Tremendous amount of studies were carried out in order to produce an ideal
biomaterial as a scaffold for cell transplantation. In recent studies, carbon
nanotubes (CNT) were identified as a novel scaffold array due to their unique
physical, chemical and electrical properties among the other biomaterials.The
effect of estrogen hormone on the regulation of MSC maintenance, proliferation
and differentiation was reported. However, its role in maintenance of MSCs on
scaffold materials such as CNTs and the genetic and epigenetic regulation of
MSC differentiation have not fully been elucidated. Therefore our aim was to
examine the possible role of estrogen in the MSCs’ maintenance seeded on
CNT surfaces and genetic and epigenetic regulation of the key transcription factors involved in adipogenic, osteogenic and chondrogenic differentiaton of
MSCs. Our results revealed the enhanced effect of estrogen on the viability of
MCSs which were seeded and incubated on multiwalled carbon nanotubes
(MWCNT). In addition we demonstrated that passaging causes decrease of cell
viability and the number of attached cells on CNT materials. We have also
shown the effect of estrogen on the epigenetic and genetic regulation of MSC
differentiation. Estrogen treatment decreased the expression of major
adipogenic transcription factors; C/EBPα, FABP4, PPARγ, Adipsin and
increased key osteogenic transcription factor RUNX2 in MSCs from both
normal female and ovariectomized rats, suggesting inhibitory and stimulatory
effect of estrogen on adipogenesis and osteogenesis respectively. We have also
shown that the subcellular localization of PPARγ and ETS1 is changed in
response to estrogen deficiency.

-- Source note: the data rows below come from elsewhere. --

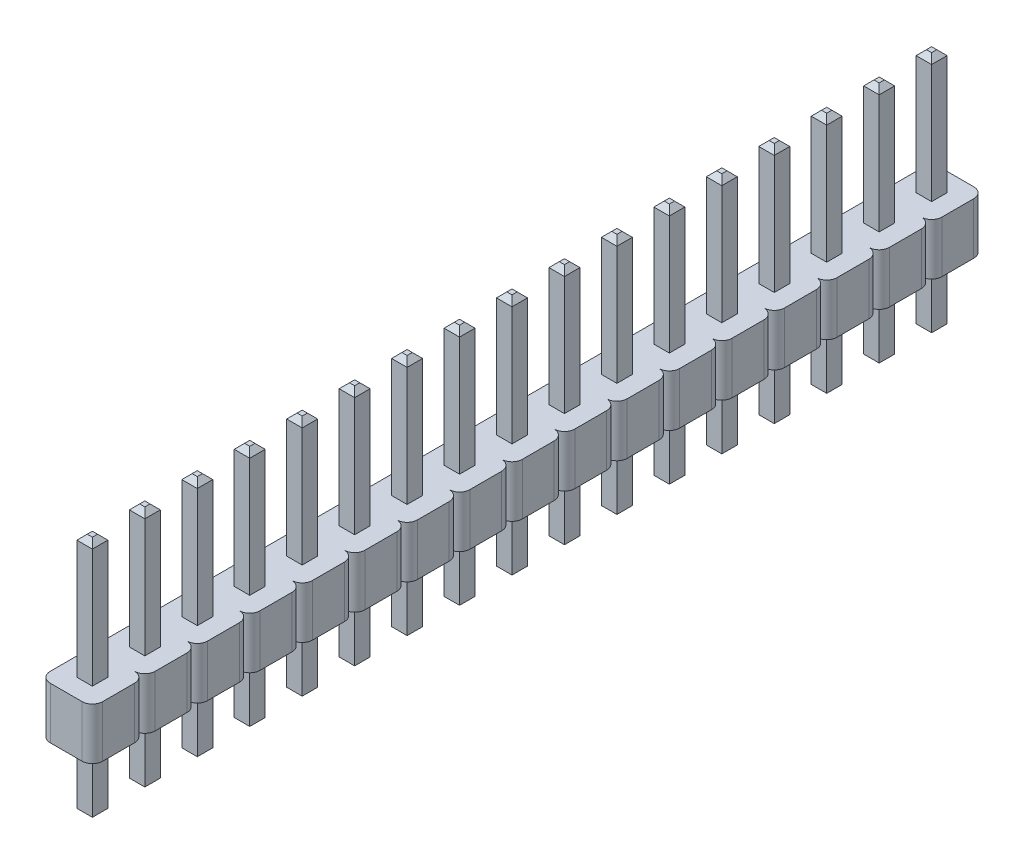
SolidWorks part; units mm, degrees
note: '?' marks a value the reader was unsure of.
ref_plane "Front Plane" through (0, 0, 0) normal (0, 0, 1) x (1, 0, 0)
ref_plane "Top Plane" through (0, 0, 0) normal (0, 1, 0) x (1, 0, 0)
ref_plane "Right Plane" through (0, 0, 0) normal (1, 0, 0) x (0, 0, -1)
ref_plane "Plane1" through (0, 0, 0) normal (0, 1, 0) x (-1, 0, 0)
sketch "Sketch1" plane through (0, 0, 0) normal (0, 1, 0) x (-1, 0, 0)
  line L0 (-0.77, 1.27) -> (0.77, 1.27)
  line L1 (1.27, 0.77) -> (1.27, -0.77)
  line L2 (0.77, -1.27) -> (-0.77, -1.27)
  line L3 (-1.27, -0.77) -> (-1.27, 0.77)
  line L4 (-0.77, 0.77) -> (0.77, -0.77) construction
  arc A0 (1.27, 0.77) -> (0.77, 1.27) centre (0.77, 0.77) ccw
  arc A1 (0.77, -1.27) -> (1.27, -0.77) centre (0.77, -0.77) ccw
  arc A2 (-1.27, -0.77) -> (-0.77, -1.27) centre (-0.77, -0.77) ccw
  arc A3 (-0.77, 1.27) -> (-1.27, 0.77) centre (-0.77, 0.77) ccw
  dimension "D3" = 0.5
  dimension "D2" = 2.54
extrude "Boss-Extrude1" add sketch "Sketch1" along normal blind 2.5
ref_plane "Plane2" through (0.77, 0, 1.27) normal (-1, 0, 0) x (0, 0, 1)
ref_plane "Plane3" through (0.77, 0, 1.27) normal (0, -1, 0) x (0, 0, 1)
ref_axis "Axis1" through (0.77, 0, -79.63) along (0, 0, 1)?
ref_plane "Plane4" through (0, 0, 0) normal (0, 1, 0) x (-1, 0, 0)
sketch "Sketch2" plane through (0, 0, 0) normal (0, 1, 0) x (-1, 0, 0)
  line L0 (-0.375, 0.375) -> (0.375, 0.375)
  line L1 (0.375, 0.375) -> (0.375, -0.375)
  line L2 (0.375, -0.375) -> (-0.375, -0.375)
  line L3 (-0.375, -0.375) -> (-0.375, 0.375)
  line L4 (-0.375, 0.375) -> (0.375, -0.375) construction
  dimension "D1" = 0.75
extrude "Boss-Extrude2" add sketch "Sketch2" along normal blind 8.5 and the other way blind 3.25
ref_plane "Plane5" through (0.3725, 0, 0.3725) normal (-1, 0, 0) x (0, 0, 1)
ref_plane "Plane6" through (0.3725, 0, 0.3725) normal (0, -1, 0) x (0, 0, 1)
ref_axis "Axis2" through (0.3725, 0, -80.5275) along (0, 0, 1)?
chamfer "Chamfer1" distance 0.25 angle 45 8 edges at (0, -3.25, 0.375) (-0.375, -3.25, 0) (0.375, -3.25, 0) (0, -3.25, -0.375) (0, 8.5, 0.375) (-0.375, 8.5, 0) (0, 8.5, -0.375) (0.375, 8.5, 0)
ref_axis "Axis3" through (0, -3.575, 0) along (0, 1, 0)?
pattern_linear "LPattern1" count 17 spacing 2.54 along (0, 0, -1) of "Boss-Extrude2", "Boss-Extrude1", "Chamfer1"

Among modified histones, we found that
H3K27me2, H3K27me3 and H3K36me2 protein levels were reduced after
estrogen treatment both in female and ovariectomized animals. In addition,
ChIP analysis showed that estrogen treatment caused an increase in
H3K27me2, H3K27me3 and ERα levels at the promoters of C/EBPα, FABP4,
PPARγ, Adipsin and RUNX2. Bisulfite sequencing analysis revealed that in
the absence of estrogen, DNA hypermethylation was established in C/EBPα and
PPARγ promoters whereas in ERα promoters CpG hypomethylation was
observed after estrogen treatment. In conclusion, estrogen causes epigenetic and
genetic changes in maintenace and differentiation of MSCs. Understanding the effect of estrogen on the genetic and epigenetic regulation of the major
transcription factors may lead to clues for new treatment in chronic diseases
such as obesity, osteoporosis and ostearthiritis.